CMPT 710 Computational Complexity
Spring 2009
Instructor: Gábor Tardos (tardos at cs.sfu.ca, office: TASC1 8227)
Solutions to last two assignments posted.
See me this week or in May to get your assignments back.
Finals grades entered.
Outline:
The main goal of Complexity Theory is to answer the question: What can be
efficiently computed given limited resources? This is a more "practical"
version of the main question of Computability Theory: What can be
computed? In this course, we will see a rich landscape of complexity
classes that are used to characterize problems according to the required
resources (such as time, space, randomness and parallelism). We will
discuss some known and (much more) conjectured relationships among these
classes,
obtaining a detailed map of the complexity world. Proving the correctness
of this map would involve solving some of the deepest open problems in
computer science, including the famous "P vs NP" question.
Schedule:
Classes: Monday 12:30-1:20, AQ5014, Wednesday 11:30-1:20, TASC2-8201
Office hour on Monday at 10:30-11:20 or even better if you email me for an appointment.
First class: Monday, January 7, 2009. Last class: Monday, April 6, 2009.
Textbook
We will not be following a textbook but the content of the course is covered
in the following books:
(recommended) László Lovász, Péter Gács: Computation Complexity,
Michael Sipser: Introduction to the Theory of Computation, PWS Publishing Company,
Christos Papadimitriou: Computational Complexity, Addison-Wesley.
You may also find useful Valentine Kabenets's lecture notes from his 2007 course on the bottom of this course page.
Grading is based on
Homework assignments
Final
Homework assignments
See policy on collaboration.
There were six assignment throughout the semester. They are no longer available on this site.
Reminder of topics covered in class
January 5: Class canceled because of snow.
January 7: What is complexity: Tale about King Arthur, the wizard Merlin and the fifty knights of the round table (© László Lovász, László Babai). Formal introduction of strings (as encodings of problem instances) languages (as decision problems), Turing Machines, their input, computation, output and the time and space used by the computation. Undecidable languages exist (counting argument). Concrete example: the halting problem is undecidable.

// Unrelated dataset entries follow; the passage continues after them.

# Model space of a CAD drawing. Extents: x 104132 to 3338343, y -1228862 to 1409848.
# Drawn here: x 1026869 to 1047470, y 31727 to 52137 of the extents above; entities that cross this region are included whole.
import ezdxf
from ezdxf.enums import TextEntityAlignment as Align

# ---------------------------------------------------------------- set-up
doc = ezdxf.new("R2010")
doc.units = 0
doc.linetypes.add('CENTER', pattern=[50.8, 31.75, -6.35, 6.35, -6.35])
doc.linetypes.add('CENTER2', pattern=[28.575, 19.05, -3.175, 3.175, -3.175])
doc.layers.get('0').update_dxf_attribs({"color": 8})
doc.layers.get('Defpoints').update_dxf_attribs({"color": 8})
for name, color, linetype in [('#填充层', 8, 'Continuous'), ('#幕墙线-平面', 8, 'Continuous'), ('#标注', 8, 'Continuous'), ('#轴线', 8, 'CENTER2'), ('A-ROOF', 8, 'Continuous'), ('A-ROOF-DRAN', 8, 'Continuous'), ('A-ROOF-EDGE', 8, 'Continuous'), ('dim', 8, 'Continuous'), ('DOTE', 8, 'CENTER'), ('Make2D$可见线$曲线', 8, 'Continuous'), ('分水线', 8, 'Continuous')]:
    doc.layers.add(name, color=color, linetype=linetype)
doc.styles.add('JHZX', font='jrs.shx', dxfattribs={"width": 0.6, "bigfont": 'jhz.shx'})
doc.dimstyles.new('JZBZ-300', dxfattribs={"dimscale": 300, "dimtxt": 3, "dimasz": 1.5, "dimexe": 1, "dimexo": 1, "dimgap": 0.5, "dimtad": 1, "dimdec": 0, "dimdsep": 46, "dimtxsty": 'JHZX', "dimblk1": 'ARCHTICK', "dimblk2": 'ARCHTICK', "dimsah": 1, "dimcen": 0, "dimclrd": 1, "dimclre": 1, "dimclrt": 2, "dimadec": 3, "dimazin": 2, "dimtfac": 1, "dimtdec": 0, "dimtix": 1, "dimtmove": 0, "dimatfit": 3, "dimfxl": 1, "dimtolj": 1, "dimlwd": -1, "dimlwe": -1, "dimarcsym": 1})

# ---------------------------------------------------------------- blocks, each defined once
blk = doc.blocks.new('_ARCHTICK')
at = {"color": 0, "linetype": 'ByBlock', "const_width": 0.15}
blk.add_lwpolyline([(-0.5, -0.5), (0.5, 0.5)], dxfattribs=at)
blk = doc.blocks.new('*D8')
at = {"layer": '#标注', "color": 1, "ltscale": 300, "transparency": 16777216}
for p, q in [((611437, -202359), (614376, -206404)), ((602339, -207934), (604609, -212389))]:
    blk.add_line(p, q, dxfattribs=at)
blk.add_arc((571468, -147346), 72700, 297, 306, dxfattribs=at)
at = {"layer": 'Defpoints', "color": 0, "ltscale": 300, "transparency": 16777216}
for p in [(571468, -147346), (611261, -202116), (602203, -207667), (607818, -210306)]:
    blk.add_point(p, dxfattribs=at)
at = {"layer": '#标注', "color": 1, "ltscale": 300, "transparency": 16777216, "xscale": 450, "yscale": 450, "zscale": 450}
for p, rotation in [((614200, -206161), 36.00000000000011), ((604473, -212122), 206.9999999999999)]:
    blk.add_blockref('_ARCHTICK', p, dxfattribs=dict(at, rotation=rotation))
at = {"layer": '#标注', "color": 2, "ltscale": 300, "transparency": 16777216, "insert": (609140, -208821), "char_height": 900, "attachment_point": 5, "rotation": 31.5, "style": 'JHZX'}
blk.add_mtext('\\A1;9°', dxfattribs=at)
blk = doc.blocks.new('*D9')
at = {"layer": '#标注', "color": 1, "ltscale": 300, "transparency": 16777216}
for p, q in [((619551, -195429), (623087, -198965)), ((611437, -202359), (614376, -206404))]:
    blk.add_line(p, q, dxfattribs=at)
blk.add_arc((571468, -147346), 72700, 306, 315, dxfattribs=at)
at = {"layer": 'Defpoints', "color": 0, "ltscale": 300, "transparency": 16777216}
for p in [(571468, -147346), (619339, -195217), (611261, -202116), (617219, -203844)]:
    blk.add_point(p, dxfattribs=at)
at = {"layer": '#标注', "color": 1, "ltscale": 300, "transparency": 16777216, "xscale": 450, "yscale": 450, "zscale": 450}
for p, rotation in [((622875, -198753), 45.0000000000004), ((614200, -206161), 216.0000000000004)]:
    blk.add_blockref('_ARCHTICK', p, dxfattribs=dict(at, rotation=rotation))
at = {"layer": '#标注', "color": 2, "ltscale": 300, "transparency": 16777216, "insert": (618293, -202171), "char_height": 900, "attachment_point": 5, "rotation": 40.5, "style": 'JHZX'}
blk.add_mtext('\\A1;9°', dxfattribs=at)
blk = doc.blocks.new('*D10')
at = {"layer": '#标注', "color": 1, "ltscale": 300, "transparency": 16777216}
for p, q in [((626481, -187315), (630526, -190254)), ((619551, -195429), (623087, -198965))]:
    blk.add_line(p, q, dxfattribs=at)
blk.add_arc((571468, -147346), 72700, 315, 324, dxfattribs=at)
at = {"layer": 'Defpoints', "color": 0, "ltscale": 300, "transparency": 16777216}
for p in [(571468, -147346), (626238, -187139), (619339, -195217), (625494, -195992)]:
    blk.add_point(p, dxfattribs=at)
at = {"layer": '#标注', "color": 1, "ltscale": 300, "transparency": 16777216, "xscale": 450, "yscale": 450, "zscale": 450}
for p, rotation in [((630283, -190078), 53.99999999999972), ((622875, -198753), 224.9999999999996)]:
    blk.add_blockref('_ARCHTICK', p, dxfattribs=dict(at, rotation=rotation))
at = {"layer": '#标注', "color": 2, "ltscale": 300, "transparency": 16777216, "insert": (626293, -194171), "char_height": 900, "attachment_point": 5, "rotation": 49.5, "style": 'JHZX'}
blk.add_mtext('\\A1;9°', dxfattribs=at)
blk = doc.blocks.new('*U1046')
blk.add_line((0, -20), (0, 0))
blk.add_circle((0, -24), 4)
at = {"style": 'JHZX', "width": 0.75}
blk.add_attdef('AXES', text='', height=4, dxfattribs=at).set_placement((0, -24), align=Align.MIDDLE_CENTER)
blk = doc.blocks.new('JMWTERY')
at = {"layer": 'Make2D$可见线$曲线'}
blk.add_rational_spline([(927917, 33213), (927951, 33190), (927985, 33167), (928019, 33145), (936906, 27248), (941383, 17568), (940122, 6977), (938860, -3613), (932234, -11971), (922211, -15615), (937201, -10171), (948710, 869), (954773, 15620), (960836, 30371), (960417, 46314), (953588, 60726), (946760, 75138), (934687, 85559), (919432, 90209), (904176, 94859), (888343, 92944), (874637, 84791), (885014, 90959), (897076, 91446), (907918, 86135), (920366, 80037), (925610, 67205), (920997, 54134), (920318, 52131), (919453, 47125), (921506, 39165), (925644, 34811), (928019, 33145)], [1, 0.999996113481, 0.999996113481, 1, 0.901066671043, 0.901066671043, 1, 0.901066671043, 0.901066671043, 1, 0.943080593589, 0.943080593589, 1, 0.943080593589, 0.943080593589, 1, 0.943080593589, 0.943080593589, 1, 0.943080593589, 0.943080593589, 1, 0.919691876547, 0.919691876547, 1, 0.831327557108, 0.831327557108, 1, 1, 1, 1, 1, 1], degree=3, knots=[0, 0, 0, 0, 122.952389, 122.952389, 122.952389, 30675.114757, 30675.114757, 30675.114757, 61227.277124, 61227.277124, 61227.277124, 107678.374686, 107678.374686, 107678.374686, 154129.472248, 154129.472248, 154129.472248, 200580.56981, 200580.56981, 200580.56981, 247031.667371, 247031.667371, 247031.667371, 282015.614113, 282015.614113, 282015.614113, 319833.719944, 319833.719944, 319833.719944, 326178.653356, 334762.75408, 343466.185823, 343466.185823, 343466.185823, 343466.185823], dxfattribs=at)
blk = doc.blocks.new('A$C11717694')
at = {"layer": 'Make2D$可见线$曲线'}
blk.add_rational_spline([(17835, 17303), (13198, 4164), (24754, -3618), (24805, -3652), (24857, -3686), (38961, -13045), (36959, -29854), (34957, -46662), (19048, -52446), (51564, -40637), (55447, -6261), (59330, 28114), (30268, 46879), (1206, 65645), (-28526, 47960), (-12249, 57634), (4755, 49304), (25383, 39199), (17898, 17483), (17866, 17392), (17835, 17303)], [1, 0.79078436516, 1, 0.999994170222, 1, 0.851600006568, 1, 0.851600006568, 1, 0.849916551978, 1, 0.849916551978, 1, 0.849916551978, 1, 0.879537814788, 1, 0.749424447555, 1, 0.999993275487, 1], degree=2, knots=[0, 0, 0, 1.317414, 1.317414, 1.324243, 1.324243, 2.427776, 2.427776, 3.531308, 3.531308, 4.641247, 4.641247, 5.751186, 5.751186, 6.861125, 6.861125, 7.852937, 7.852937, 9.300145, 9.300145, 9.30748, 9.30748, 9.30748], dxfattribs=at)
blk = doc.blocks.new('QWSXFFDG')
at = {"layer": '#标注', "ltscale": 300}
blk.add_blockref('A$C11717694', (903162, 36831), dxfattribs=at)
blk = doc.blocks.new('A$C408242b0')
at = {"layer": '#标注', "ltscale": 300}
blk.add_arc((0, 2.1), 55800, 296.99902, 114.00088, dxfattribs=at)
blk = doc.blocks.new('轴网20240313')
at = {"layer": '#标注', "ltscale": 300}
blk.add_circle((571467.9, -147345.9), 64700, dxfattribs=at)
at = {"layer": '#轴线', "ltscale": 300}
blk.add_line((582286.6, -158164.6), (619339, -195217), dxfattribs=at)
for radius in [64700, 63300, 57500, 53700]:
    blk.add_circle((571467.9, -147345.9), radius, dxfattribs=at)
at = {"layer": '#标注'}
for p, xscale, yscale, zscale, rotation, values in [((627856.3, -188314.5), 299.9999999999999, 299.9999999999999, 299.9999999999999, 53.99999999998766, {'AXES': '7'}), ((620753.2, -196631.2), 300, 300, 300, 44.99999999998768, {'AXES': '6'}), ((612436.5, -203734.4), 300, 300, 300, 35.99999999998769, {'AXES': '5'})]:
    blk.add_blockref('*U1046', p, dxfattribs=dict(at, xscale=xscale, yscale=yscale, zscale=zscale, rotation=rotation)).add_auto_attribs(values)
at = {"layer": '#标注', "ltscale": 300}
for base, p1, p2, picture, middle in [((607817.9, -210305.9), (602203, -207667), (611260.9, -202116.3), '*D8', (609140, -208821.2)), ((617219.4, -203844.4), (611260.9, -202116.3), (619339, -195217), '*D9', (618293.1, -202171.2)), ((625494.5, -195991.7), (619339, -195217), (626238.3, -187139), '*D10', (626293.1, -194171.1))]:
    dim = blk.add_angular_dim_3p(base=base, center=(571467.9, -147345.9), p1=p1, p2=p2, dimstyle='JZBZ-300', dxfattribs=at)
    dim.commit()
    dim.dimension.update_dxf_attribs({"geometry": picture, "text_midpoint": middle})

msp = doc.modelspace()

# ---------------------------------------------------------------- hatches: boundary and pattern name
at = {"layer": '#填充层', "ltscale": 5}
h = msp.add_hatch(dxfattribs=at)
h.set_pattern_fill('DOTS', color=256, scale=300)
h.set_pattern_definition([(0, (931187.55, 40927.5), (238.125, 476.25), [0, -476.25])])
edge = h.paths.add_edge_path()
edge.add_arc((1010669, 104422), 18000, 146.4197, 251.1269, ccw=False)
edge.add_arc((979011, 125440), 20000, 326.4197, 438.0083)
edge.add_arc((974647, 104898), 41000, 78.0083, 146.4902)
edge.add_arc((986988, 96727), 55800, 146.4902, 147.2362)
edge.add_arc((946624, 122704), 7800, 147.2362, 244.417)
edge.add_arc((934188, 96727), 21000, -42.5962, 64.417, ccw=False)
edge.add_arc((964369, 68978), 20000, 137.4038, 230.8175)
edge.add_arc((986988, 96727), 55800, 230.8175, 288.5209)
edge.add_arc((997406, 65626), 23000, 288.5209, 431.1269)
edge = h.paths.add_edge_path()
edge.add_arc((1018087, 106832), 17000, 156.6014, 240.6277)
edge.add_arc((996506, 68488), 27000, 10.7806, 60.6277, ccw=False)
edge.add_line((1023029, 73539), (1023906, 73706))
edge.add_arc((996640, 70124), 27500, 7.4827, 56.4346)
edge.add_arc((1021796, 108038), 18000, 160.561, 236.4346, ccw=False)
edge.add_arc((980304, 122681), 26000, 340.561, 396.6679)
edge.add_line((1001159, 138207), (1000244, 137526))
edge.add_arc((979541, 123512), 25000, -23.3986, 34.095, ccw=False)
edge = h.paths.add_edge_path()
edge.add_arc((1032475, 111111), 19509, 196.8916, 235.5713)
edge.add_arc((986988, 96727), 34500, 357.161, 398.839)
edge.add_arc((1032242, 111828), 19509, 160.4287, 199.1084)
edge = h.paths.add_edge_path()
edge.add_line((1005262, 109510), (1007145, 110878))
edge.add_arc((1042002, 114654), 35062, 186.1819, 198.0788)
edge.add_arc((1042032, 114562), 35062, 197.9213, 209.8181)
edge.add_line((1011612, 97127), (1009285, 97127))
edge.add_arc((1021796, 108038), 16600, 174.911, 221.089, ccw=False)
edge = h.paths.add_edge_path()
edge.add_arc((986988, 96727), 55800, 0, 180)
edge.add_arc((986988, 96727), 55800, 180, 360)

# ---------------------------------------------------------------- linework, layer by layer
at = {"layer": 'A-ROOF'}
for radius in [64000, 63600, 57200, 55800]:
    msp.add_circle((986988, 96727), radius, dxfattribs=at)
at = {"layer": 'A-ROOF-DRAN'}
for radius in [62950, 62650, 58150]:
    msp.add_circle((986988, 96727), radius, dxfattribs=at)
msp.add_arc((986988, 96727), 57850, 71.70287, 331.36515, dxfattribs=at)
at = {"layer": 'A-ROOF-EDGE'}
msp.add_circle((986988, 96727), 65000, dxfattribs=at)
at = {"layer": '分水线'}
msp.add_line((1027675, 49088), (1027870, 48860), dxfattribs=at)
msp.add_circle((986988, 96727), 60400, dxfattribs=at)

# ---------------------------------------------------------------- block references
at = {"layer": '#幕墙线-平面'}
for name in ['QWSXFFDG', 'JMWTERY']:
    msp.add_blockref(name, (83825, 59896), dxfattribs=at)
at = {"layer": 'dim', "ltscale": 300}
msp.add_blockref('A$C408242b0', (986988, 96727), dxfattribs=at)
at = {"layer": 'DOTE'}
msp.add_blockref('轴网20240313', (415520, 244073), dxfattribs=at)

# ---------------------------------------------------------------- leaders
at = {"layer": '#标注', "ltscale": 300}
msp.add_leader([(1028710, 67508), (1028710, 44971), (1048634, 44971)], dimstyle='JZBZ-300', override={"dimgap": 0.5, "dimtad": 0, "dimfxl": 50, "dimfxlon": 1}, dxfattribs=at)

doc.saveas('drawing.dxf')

January 12: More examples of undecidable languages. Components of the proof: diagonzlization and reduction.
January 14: Time and space complexity classes, hierarchy teorems, linear speedup theorems.
January 19: Extreme speedup theorem.
January 21: NP definition (wittnesses), polynomial time reduction, NP-completeness, Cook-Levin Theorem: 3SAT is NP-complete. Padding: L=P implies PSPACE=EXP.
January 26: Other NP-complete languages.
January 28: Nondeterministic Turing Machines, nondeterministic time and space complexity classes.
February 2: Savitch's Theorem: NSPACE(s(n)) is contained in DSPACE(s^2(n)) for functions s(n)>log n computable in O(s(n)) space.
February 4: s-t connectivity is NL-complete for logspace reduction. Immerman-Szelepcsényi Theorem: NL=co-NL.
February 9: Succinctly represented graphs. s-t connectivity for succinctly represented graphs is PSPACE-complete.
February 11: QBF (quantified Boolean formula) is PSPACE-complete. Boolean circuit evaluation is P-complete for logspace reduction. Search to decision reducibility for some problems in NP (including all NP-complete problems) and why it doesn't work for NEXP (nondeterministic exponential time).
February 16: Oracle Turing Machines.
February 18: Relativized worlds with P=NP and P≠NP.
February 23: Circuit complexity. Most of the n-variable Boolean functions require circuit-size Ω(2^n/n).
February 25: Furst-Saxe-Sipser theorem on PARITY not computable in constant depth, polynomial size circuits. See notes.
March 2: Randomization, one-sided error, two sided error, error-reduction.
March 4: Randomized algorithms: polynomial identity test, primality test based on Fermat's (little) theorem.
March 9: Randomization does not help with circuits: the same functions can be computed in polynomial size with and without randomization.
March 11: Randomization and NP: interactive and Arthur-Merlin proofs. Interactive proof for Graph-non-isomorphism.
March 16: Arithmetization: Interactive proof for #3SAT.
March 18: IP=PSPACE.
March 23: The PCP theorem (without proof) and some applications.
March 25: Class canceled.
March 30: Toward optimal inapproximability results.
April 1: Communication complexity (deterministic, nondeterministic, randomized).
April 6: Randomized communication complexity of inner product, connection between communication complexity and circuit depth.